The new tendency reveals the generation of modern consumers who are not ready to get involved in socialization in spite of the taste and flavor home coffee machines are ready to provide. For chains of cafes and coffee shops, it means another great source of customer traffic. At the same time, small independent venues will also have a chance to get their piece of a pie. The consumption of coffee specialties has raised from 13% to 36% in the period between 2008 and 2016. The same increase can be observed in the group of consumers aged 18-24. 500,000,000 cups of coffee are drunk daily across the globe. Coffee consumption has turned into a new trend or habit if you like.
At the same time, the coffee price is balancing each day affected by the farmers’ efforts to overcome various obstacles including coffee rust, low productivity and even plantation extinction due to diseases and other challenges. In 2013, the epidemics eliminated up to 37% of the coffee harvest. Nicaraguan farmers faced the same problems and were left without 20%of their coffee harvest. The consequences were catastrophic resulting in $300,000,000 losses.
In other words, we can witness the increased price per cup in the nearest future due to tougher labor conditions and new challenges for the corporations. We should also mention the possibility of Arabica extinction by 2080. The entire coffee market can be left without 60% of coffee supplies turning the industry into a less perspective niche for investors despite it is now at its development peak.
Extended Coffee Geography
Considering all the above-mentioned, we have a number of fast food and coffee chains aimed at covering more economic space in a short and medium-term period to make a couple of extra bucks.
For example, Telepizza is a popular Spanish fast-food operator.

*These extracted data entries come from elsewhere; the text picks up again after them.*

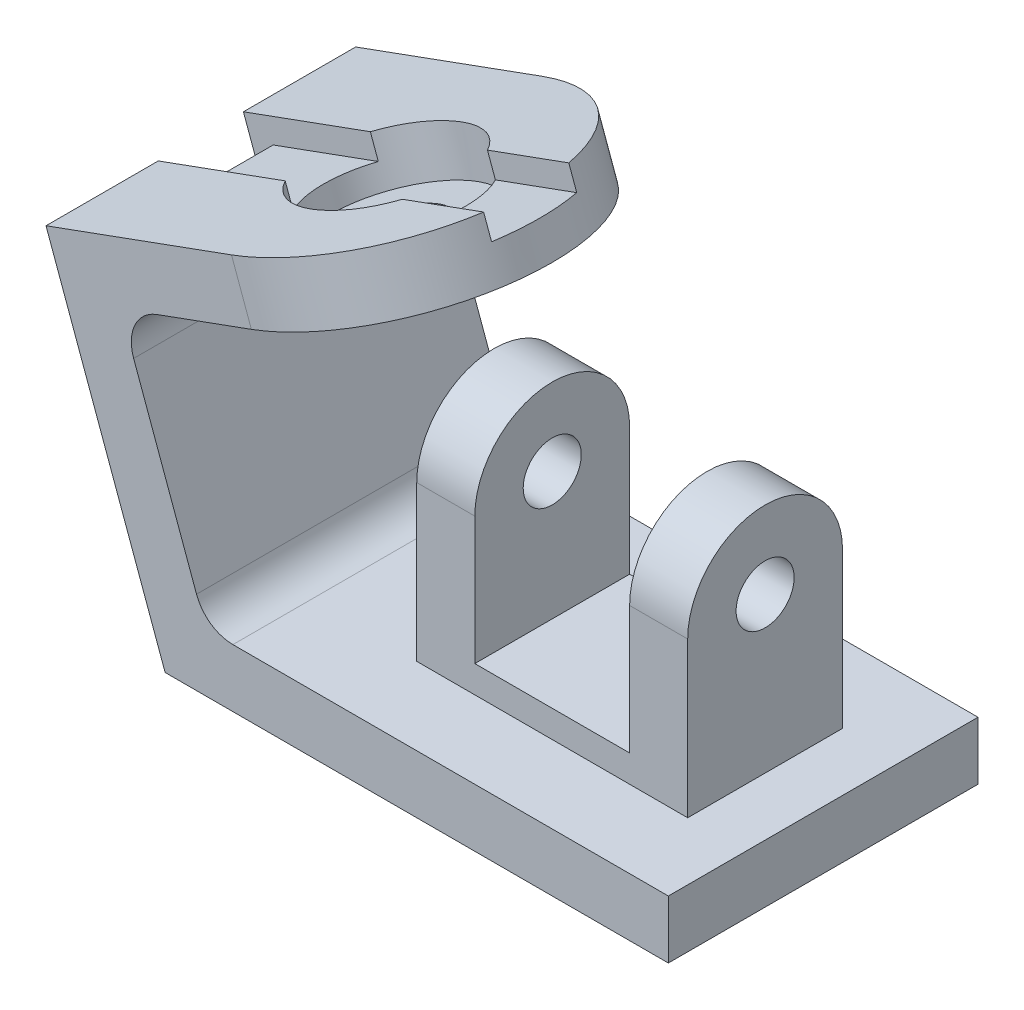
SolidWorks part; units mm, degrees
material "Laiton"
ref_plane "Plan de face" through (0, 0, 0) normal (0, 0, 1) x (1, 0, 0)
ref_plane "Plan de dessus" through (0, 0, 0) normal (0, 1, 0) x (1, 0, 0)
ref_plane "Plan de droite" through (0, 0, 0) normal (1, 0, 0) x (0, 0, -1)
sketch "Esquisse1" plane through (0, 0, 0) normal (0, 0, 1) x (1, 0, 0)
  line L0 (0, 0) -> (130, 0) construction
  line L1 (0, 0) -> (-30.7818, 84.5723)
  line L2 (-30.7818, 84.5723) -> (17.1425, 102.0154)
  line L3 (17.1425, 102.0154) -> (22.2728, 87.92)
  line L4 (22.2728, 87.92) -> (-11.5561, 75.6072)
  line L5 (-11.5561, 75.6072) -> (10.5031, 15)
  line L6 (10.5031, 15) -> (130, 15)
  line L7 (130, 15) -> (130, 0)
  line L8 (130, 0) -> (0, 0)
  dimension "D1" = 130
  dimension "D2" = 70
  dimension "D3" = 15
  dimension "D4" = 15
  dimension "D5" = 15
  dimension "D6" = 90
  dimension "D7" = 51
extrude "Boss.-Extru.1" add sketch "Esquisse1" against normal blind 80
sketch "Esquisse2" plane through (-30.7818, 84.5723, 0) normal (-0.342, 0.9397, 0) x (0.9397, 0.342, 0)
  line L0 (127.2903, 0) -> (15, 0) construction
  line L1 (51, 80) -> (51, 0)
  arc A0 (51, 80) -> (51, 0) centre (51, 40) cw
  dimension "D1" = 40
extrude "Boss.-Extru.2" add sketch "Esquisse2" against normal blind 15
sketch "Esquisse3" plane through (-30.7818, 84.5723, 0) normal (-0.342, 0.9397, 0) x (0.9397, 0.342, 0)
  circle A0 centre (51, 40) radius 9.5
  dimension "D1" = 19
extrude "Enlèv. mat.-Extru.1" cut sketch "Esquisse3" against normal up to next
sketch "Esquisse4" plane through (-30.7818, 84.5723, 0) normal (-0.342, 0.9397, 0) x (0.9397, 0.342, 0)
  line L0 (0, 40) -> (95.651, 40) construction
  line L1 (0, 80) -> (0, 0) construction
  line L3 (0, 51) -> (89.4578, 51)
  line L4 (0, 51) -> (0, 29)
  line L5 (0, 29) -> (89.4578, 29)
  line L7 (0, 51) -> (89.4578, 29) construction
  line L8 (0, 29) -> (89.4578, 51) construction
  arc A0 (51, 0) -> (51, 80) centre (51, 40) ccw construction
  arc A1 (89.4578, 29) -> (89.4578, 51) centre (51, 40) ccw
  point P4 (44.7289, 40)
  dimension "D1" = 22
extrude "Enlèv. mat.-Extru.2" cut sketch "Esquisse4" against normal blind 6
sketch "Esquisse5" plane through (-30.7818, 84.5723, 0) normal (-0.342, 0.9397, 0) x (0.9397, 0.342, 0)
  circle A0 centre (51, 40) radius 19.5
  dimension "D1" = 39
extrude "Enlèv. mat.-Extru.3" cut sketch "Esquisse5" against normal blind 12
sketch "Esquisse6" plane through (0, 0, 0) normal (-0.9397, -0.342, 0) x (0, 0, 1)
  line L0 (-40, 0) -> (-40, 107.7621) construction
  line L1 (-80, 0) -> (0, 0) construction
  line L3 (-51, 90) -> (-29, 90)
  line L4 (-51, 90) -> (-51, 34)
  line L5 (-51, 34) -> (-29, 34)
  line L6 (-29, 90) -> (-29, 34)
  line L7 (-51, 90) -> (-29, 34) construction
  line L8 (-51, 34) -> (-29, 90) construction
  point P4 (-40, 62)
  dimension "D1" = 56
extrude "Enlèv. mat.-Extru.4" cut sketch "Esquisse6" against normal blind 6
ref_plane "Plan2" through (115, 0, 0) normal (1, 0, 0) x (0, 0, -1)
sketch "Esquisse8" plane through (115, 0, 0) normal (1, 0, 0) x (0, 0, -1)
  line L0 (20, 15) -> (20, 55)
  line L1 (80, 15) -> (0, 15) construction
  line L2 (60, 55) -> (60, 15)
  line L3 (60, 15) -> (20, 15)
  line L4 (0, 0) -> (0, 15) construction
  arc A0 (20, 55) -> (60, 55) centre (40, 55) cw
  point P6 (40, 15)
  dimension "D1" = 40
  dimension "D2" = 40
  dimension "D3" = 40
extrude "Boss.-Extru.3" add sketch "Esquisse8" against normal blind 70
sketch "Esquisse9" plane through (0, 0, -20) normal (0, 0, 1) x (1, 0, 0)
  line L0 (115, 75) -> (45, 75) construction
  line L1 (60, 22) -> (100, 22)
  line L2 (60, 22) -> (60, 75)
  line L3 (60, 75) -> (100, 75)
  line L4 (100, 22) -> (100, 75)
  line L5 (80, 15) -> (80, 76.7556) construction
  line L6 (45, 15) -> (115, 15) construction
  dimension "D1" = 40
  dimension "D2" = 7
extrude "Enlèv. mat.-Extru.5" cut sketch "Esquisse9" against normal through all
sketch "Esquisse10" plane through (45, 0, 0) normal (-1, 0, 0) x (0, 0, 1)
  circle A0 centre (-40, 55) radius 7.5
  dimension "D1" = 15
extrude "Enlèv. mat.-Extru.6" cut sketch "Esquisse10" against normal through all
fillet "Congé1" radius 10 2 edges at (-11.5561, 75.6072, -40) (10.5031, 15, -40)
equation "\"A\" = 70deg"
equation "\"B\" = 80"
equation "\"C\" = 130"
equation "\"D\" = 15"
equation "\"D1@Esquisse1\"=\"C\""
equation "\"D2@Esquisse1\"=\"A\""
equation "\"D3@Esquisse1\"=\"D\""
equation "\"D4@Esquisse1\"=\"D\""
equation "\"D5@Esquisse1\"=\"D\""
equation "\"D1@Boss.-Extru.1\"=\"B\""
equation "\"D1@Esquisse2\"=\"B\" / 2"
equation "\"D1@Boss.-Extru.2\"=\"D\""
equation "\"D1@Esquisse8\"=\"B\" / 2"
equation "\"E\"= 40"
equation "\"D2@Esquisse8\"=\"E\""
equation "\"D3@Esquisse8\"=\"E\""

The brand is currently aimed at entering the Iranian market with its chain of 200 trade spots and venues. They plan to run their campaign for 10 years. The situation with Western chains has been rather tough recently due to political issues and revolution. However, it is currently improving creating a unique economic environment featuring some fake brands like Pizza Hut and Mash Donalds. Sanction abortion leaves plenty of opportunities for various European brands to take leading positions in the market including coffee segment as a defining niche for maximum revenue.
Some other major brands are aimed at conquering new markets. Focus Brands will enter the Chinese market introducing its Cinnabon and Auntie Anne’s confectionary chains. Burger King looks towards South-East Asia through Bangladesh. The company already has its representation in India and Pakistan.
The Russian market has turned into a battlefield where gas station chains are competing with fast food chains. The first ones appear to be more successful when it comes to coffee sales growth as well as entering new isolated and remote regions covering more market space.
The first half of 2016 appeared to be rather successful for “Gazprom Neft”, which is the fourth largest oil producing company in Russia. Its coffee revenue was 1 billion rubles according to the Regional Sales Director Alexander Krylov:
The situation launches the revolution in managers’ minds creating the new generation of retailers that have recently been used to the fact that oil firms 25% of GDP. Three years of efforts combined with the implementation of BMS Coffee Control system for remote coffee machine monitoring and maintenance let Russian brands bear fruit today.
It looks like Russians will eventually stop being the nation that drinks instant coffee the most in the nearest future. The European model of coffee consumption is becoming more and more popular. It will eventually define the customers’ behavior in its full swing.